Robert half-turned in the seat, his left forearm on the steering wheel, and said, “Why not?”

She stared at him in disbelief. “Why not?”

“Just for curiosity’s sake,” he said. “I heard the arguments for and against at lunch, and I came away less sure than when I arrived. You’re absolutely one hundred percent sure, so tell me why.”

She studied him for a minute in silence, and he wasn’t sure whether she was trying to work out the best way to answer him or was still merely stunned by his having asked the question. Finally she nodded, and faced front, looking out through the windshield as she said, “You’ve driven through Eustace. Have you ever noticed the movie house?”

“I may have, I’m not sure.”

“It’s a small brick building with a little square marquee. It’s called The Eustace. A couple of days ago I was in town, and I noticed a sign in the cashier’s window. Cashier Wanted. You know, for just a minute I was tempted to go in and take that job.” She turned her head again to look at him with level eyes. “I’m serious. I can give you all the arguments for it, too. It would ease my boredom, it would give me something to do. I’d get out of the house, and I’d see the movies, which I never seem to get around to doing. I don’t need the money, of course, Bradford gives me whatever I need, but I don’t really have any spending money of my own, and it would be a nice feeling to have a few dollars every week that I’d earned all by myself. And I’d get to meet a lot of local people that I don’t know, maybe make new friends. Most of my friends are hundreds of miles away, I can’t just drop in on them.” She smiled crookedly, and said, “Think I should take the job?”

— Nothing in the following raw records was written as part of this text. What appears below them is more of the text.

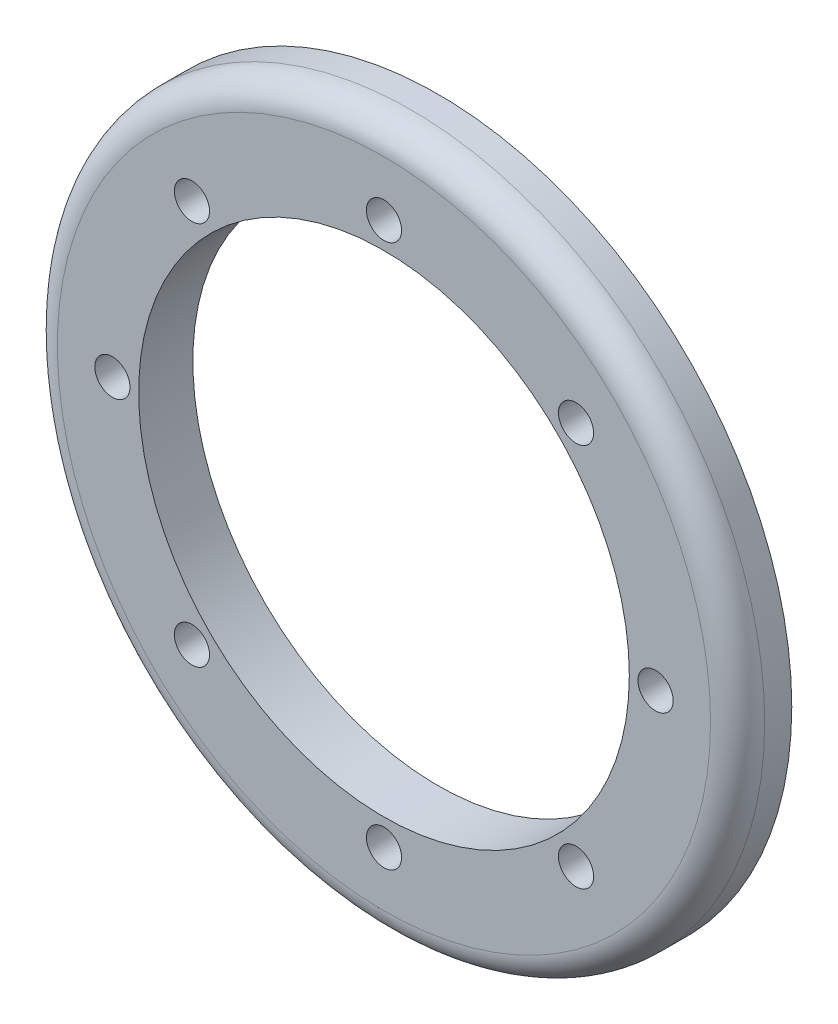
from build123d import *

# Parameters (mm, degrees)
SKETCH1_R           = 65.3
SKETCH1_R_2         = 45.3
SKETCH1_R_3         = 1.65
BOSS_EXTRUDE1_DEPTH = 10
FILLET1_R           = 5
SKETCH2_R           = 3.25
CUT_EXTRUDE1_DEPTH  = 6


with BuildPart() as part:
    # Sketch1 → Boss-Extrude1 (new body)
    with BuildSketch(Plane.XY):
        Circle(SKETCH1_R)
        Circle(SKETCH1_R_2, mode=Mode.SUBTRACT)
        with Locations((35.461405077, -35.461405077)):
            Circle(SKETCH1_R_3, mode=Mode.SUBTRACT)
        with Locations((0, -50.15)):
            Circle(SKETCH1_R_3, mode=Mode.SUBTRACT)
        with Locations((-35.461405077, -35.461405077)):
            Circle(SKETCH1_R_3, mode=Mode.SUBTRACT)
        with Locations((-50.15, 0)):
            Circle(SKETCH1_R_3, mode=Mode.SUBTRACT)
        with Locations((-35.461405077, 35.461405077)):
            Circle(SKETCH1_R_3, mode=Mode.SUBTRACT)
        with Locations((0, 50.15)):
            Circle(SKETCH1_R_3, mode=Mode.SUBTRACT)
        with Locations((35.461405077, 35.461405077)):
            Circle(SKETCH1_R_3, mode=Mode.SUBTRACT)
        with Locations((50.15, 0)):
            Circle(SKETCH1_R_3, mode=Mode.SUBTRACT)
    extrude(amount=BOSS_EXTRUDE1_DEPTH)

    # Fillet1
    fillet1_edges = [part.edges().sort_by_distance(p)[0] for p in [
        (-65.3, 0, 10),
    ]]
    fillet(fillet1_edges, radius=FILLET1_R)

    # Sketch2 → Cut-Extrude1 (cut)
    with BuildSketch(Plane.XY.offset(10)):
        with Locations((-50.15, 0)):
            Circle(SKETCH2_R)
        with Locations((-35.461405077, -35.461405077)):
            Circle(SKETCH2_R)
        with Locations((-35.461405077, 35.461405077)):
            Circle(SKETCH2_R)
        with Locations((0, 50.15)):
            Circle(SKETCH2_R)
        with Locations((35.461405077, 35.461405077)):
            Circle(SKETCH2_R)
        with Locations((50.15, 0)):
            Circle(SKETCH2_R)
        with Locations((35.461405077, -35.461405077)):
            Circle(SKETCH2_R)
        with Locations((0, -50.15)):
            Circle(SKETCH2_R)
    extrude(amount=-CUT_EXTRUDE1_DEPTH, mode=Mode.SUBTRACT)


solid = part.part

“I see the parallel, of course,” Robert said, “but I don’t know what to tell you about that job any more than I know what to think about Bradford Lockridge running for Congress. I suppose there are arguments against your going to work as a cashier in a movie house, but—” He stopped, and grinned, and said, “Just describing the job, for instance, and looking at you, that’s one argument right there, isn’t it? The job’s beneath you.”

“Isn’t that snobbish?” she asked him. “What would John Quincy Adams say about a girl who thought she was too good to be a cashier in a movie house?”

“It isn’t snobbery,” he insisted. “I know you’re being sardonic, but it really isn’t snobbery. You have a specific kind of background and intelligence and education and sophistication, and you’d just be in the wrong place if you took that job. You’d demean yourself.”

“Wouldn’t John Quincy Adams say that no one could demean themselves by doing an honest day’s work for an honest day’s pay?”

Robert grinned. “Something like that, I suppose he would. So the point you’re making is that Bradford Lockridge would demean himself by running for Congressman. Not exactly the same as demeaning the Presidency.”

“No, that isn’t the point. That’s perfectly true, Bradford can’t really hurt the prestige of the Presidency, he can only hurt his own reputation, but that isn’t the point.”